• _PROBLEM TO WORK ON_:
The response should repeat word for word every line below from the one with "om_nPhi = 1*12.5" to the one with "Transfer Fcn : TransferFcn", inclusive, and nothing else; leave pictures out.

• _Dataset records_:
==*==
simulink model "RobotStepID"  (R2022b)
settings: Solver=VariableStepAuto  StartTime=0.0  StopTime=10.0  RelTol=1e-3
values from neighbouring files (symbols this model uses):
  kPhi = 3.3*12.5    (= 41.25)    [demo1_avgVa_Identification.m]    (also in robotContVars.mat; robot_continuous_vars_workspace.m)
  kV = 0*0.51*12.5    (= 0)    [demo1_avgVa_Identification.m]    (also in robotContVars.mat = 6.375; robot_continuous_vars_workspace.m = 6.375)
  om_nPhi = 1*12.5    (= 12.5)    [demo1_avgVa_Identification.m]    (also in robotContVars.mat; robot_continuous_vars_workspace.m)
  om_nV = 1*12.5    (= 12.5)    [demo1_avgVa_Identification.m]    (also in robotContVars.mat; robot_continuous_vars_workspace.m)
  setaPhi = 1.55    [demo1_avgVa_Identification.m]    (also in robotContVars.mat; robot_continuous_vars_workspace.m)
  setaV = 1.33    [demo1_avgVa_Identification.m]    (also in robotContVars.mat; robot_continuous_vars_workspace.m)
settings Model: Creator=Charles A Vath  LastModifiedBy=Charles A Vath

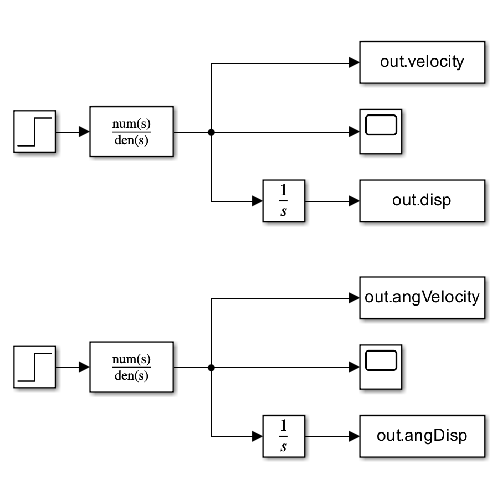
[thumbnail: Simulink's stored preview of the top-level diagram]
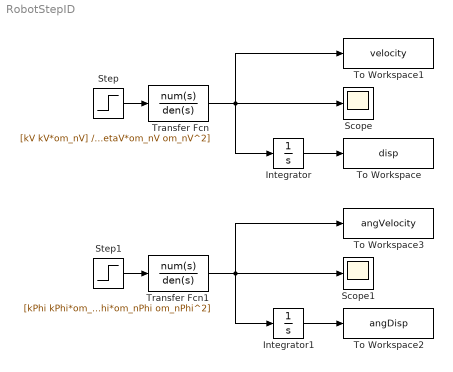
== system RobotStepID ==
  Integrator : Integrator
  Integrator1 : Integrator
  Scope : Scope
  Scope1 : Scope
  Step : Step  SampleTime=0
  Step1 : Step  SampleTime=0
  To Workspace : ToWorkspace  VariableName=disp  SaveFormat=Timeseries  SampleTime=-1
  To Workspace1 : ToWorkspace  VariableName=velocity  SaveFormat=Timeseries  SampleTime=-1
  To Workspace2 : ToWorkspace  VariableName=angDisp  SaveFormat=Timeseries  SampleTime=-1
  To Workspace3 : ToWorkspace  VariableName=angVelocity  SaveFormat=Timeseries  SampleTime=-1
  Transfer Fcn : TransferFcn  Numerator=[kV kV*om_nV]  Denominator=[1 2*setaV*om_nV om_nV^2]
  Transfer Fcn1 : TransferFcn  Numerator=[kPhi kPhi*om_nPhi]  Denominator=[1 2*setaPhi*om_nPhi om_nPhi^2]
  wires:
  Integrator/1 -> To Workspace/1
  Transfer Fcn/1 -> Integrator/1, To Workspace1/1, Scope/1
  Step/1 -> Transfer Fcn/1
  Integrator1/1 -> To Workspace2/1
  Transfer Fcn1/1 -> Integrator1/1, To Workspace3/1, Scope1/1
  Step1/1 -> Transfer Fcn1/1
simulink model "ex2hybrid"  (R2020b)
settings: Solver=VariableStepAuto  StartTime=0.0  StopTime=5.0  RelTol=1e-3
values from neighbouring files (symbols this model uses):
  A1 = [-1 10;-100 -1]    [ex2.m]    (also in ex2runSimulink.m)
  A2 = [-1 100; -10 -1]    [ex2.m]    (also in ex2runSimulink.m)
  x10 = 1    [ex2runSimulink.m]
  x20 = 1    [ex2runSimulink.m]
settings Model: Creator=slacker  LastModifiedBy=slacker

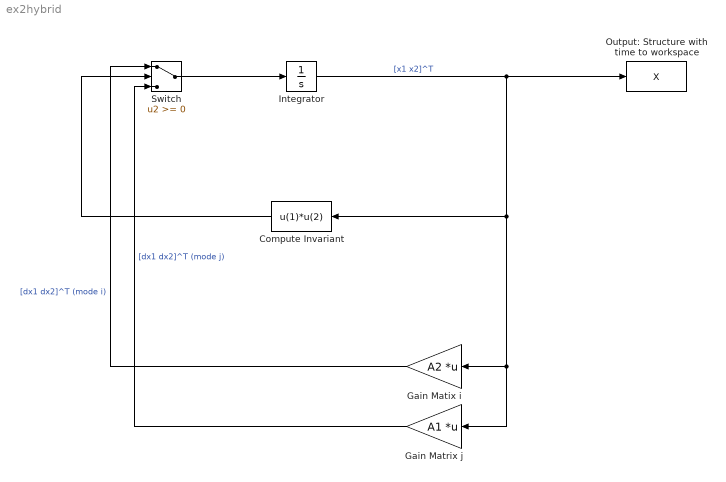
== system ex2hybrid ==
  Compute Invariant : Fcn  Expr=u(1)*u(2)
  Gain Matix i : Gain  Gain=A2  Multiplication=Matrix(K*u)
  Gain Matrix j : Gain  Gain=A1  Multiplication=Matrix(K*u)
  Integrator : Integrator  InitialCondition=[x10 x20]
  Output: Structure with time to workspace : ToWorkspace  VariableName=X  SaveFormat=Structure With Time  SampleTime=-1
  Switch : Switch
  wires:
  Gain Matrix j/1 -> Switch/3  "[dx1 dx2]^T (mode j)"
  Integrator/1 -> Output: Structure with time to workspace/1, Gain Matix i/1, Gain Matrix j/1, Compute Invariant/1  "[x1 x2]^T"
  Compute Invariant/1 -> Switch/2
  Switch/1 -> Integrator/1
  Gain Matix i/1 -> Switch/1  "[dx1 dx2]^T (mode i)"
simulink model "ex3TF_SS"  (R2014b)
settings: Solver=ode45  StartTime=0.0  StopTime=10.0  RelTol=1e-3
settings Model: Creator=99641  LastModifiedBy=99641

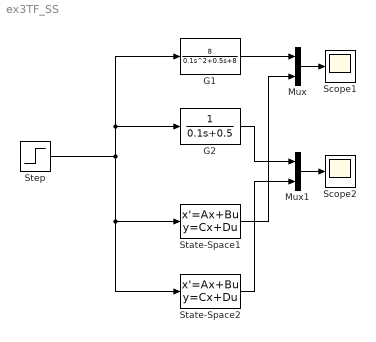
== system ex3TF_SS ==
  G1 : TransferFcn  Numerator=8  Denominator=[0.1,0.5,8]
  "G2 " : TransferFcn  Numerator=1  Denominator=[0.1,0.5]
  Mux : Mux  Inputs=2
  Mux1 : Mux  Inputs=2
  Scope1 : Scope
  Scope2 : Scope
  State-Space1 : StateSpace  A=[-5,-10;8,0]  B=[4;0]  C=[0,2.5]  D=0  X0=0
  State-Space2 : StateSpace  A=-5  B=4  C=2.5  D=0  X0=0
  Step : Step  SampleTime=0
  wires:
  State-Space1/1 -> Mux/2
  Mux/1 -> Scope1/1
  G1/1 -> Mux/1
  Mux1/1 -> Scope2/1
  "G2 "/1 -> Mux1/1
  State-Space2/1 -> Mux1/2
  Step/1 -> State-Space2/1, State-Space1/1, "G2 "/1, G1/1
==*==
• _ANSWER TO THE EXERCISE_:
  om_nPhi = 1*12.5    (= 12.5)    [demo1_avgVa_Identification.m]    (also in robotContVars.mat; robot_continuous_vars_workspace.m)
  om_nV = 1*12.5    (= 12.5)    [demo1_avgVa_Identification.m]    (also in robotContVars.mat; robot_continuous_vars_workspace.m)
  setaPhi = 1.55    [demo1_avgVa_Identification.m]    (also in robotContVars.mat; robot_continuous_vars_workspace.m)
  setaV = 1.33    [demo1_avgVa_Identification.m]    (also in robotContVars.mat; robot_continuous_vars_workspace.m)
settings Model: Creator=Charles A Vath  LastModifiedBy=Charles A Vath

[thumbnail: Simulink's stored preview of the top-level diagram]
== system RobotStepID ==
  Integrator : Integrator
  Integrator1 : Integrator
  Scope : Scope
  Scope1 : Scope
  Step : Step  SampleTime=0
  Step1 : Step  SampleTime=0
  To Workspace : ToWorkspace  VariableName=disp  SaveFormat=Timeseries  SampleTime=-1
  To Workspace1 : ToWorkspace  VariableName=velocity  SaveFormat=Timeseries  SampleTime=-1
  To Workspace2 : ToWorkspace  VariableName=angDisp  SaveFormat=Timeseries  SampleTime=-1
  To Workspace3 : ToWorkspace  VariableName=angVelocity  SaveFormat=Timeseries  SampleTime=-1
  Transfer Fcn : TransferFcn  Numerator=[kV kV*om_nV]  Denominator=[1 2*setaV*om_nV om_nV^2]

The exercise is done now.